__MATERIAL TO PROCESS__:
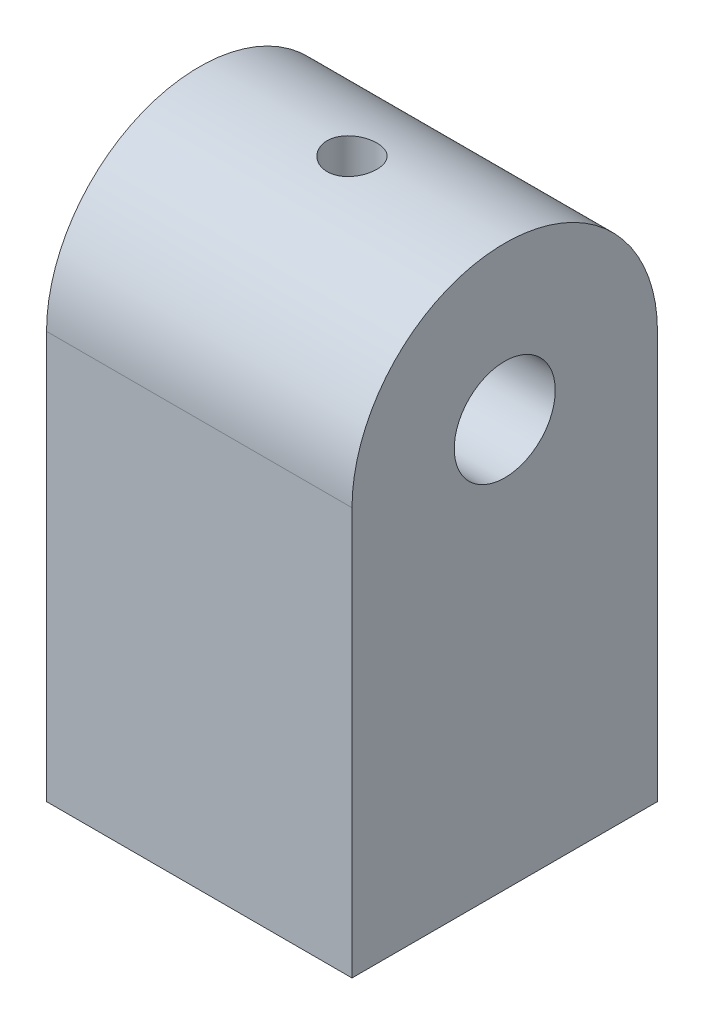
SolidWorks part; units mm, degrees
ref_plane "Front Plane" through (0, 0, 0) normal (0, 0, 1) x (1, 0, 0)
ref_plane "Top Plane" through (0, 0, 0) normal (0, 1, 0) x (1, 0, 0)
ref_plane "Right Plane" through (0, 0, 0) normal (1, 0, 0) x (0, 0, -1)
sketch "Sketch1" plane through (0, 0, 0) normal (1, 0, 0) x (0, 0, -1)
  circle A0 centre (0, 0) radius 3.15
  circle A1 centre (0, 0) radius 9.525
  point P5 (0, 0.2014)
  dimension "D1" = 6.3
  dimension "D2" = 19.05
extrude "Boss-Extrude1" add sketch "Sketch1" along normal blind 19.05
sketch "Sketch2" plane through (19.05, 0, 0) normal (1, 0, 0) x (0, 0, -1)
  line L0 (9.525, 0) -> (9.525, -25.4)
  line L1 (-9.525, 0) -> (-9.525, -25.4)
  line L2 (9.525, -25.4) -> (-9.525, -25.4)
  circle A0 centre (0, 0) radius 9.525 construction
  circle A1 centre (0, 0) radius 9.525
  circle A2 centre (0, 0) radius 9.525
  circle M4 centre (0, 0) radius 9.525
  dimension "D2" = 25.4
  dimension "D1" = 0
extrude "Boss-Extrude2" add sketch "Sketch2" against normal up to surface (19.05 mm away) contours L0 L2 L1 M4 region at (19.05, -16.3143, 0) up to face at (0, 0, -9.525)
ref_plane "Plane1" through (0, 12.7, 0) normal (0, 1, 0) x (1, 0, 0)
sketch "Sketch3" plane through (0, 12.7, 0) normal (0, 1, 0) x (1, 0, 0)
  line L0 (0, 9.525) -> (0, -9.525) construction
  line L1 (0, 9.525) -> (0, -9.525)
  line L2 (19.05, -9.525) -> (19.05, 9.525) construction
  line L3 (19.05, -9.525) -> (19.05, 9.525)
  line L4 (0, 9.525) -> (19.05, 9.525) construction
  line L5 (0, 9.525) -> (19.05, 9.525)
  line L6 (0, -9.525) -> (19.05, -9.525) construction
  line L7 (0, -9.525) -> (19.05, -9.525)
  circle A0 centre (9.525, 0) radius 1.55
  dimension "D1" = 3.1
extrude "Cut-Extrude1" cut sketch "Sketch3" against normal up to surface (9.9577 mm away) contours A0 region at (9.525, 12.7, 0) up to face at (19.05, 0, -3.15)

__WHAT TO DO__:
If a line in the data above holds the string "surface", report that line.

__TASK RESPONSE__:
extrude "Boss-Extrude2" add sketch "Sketch2" against normal up to surface (19.05 mm away) contours L0 L2 L1 M4 region at (19.05, -16.3143, 0) up to face at (0, 0, -9.525)
extrude "Cut-Extrude1" cut sketch "Sketch3" against normal up to surface (9.9577 mm away) contours A0 region at (9.525, 12.7, 0) up to face at (19.05, 0, -3.15)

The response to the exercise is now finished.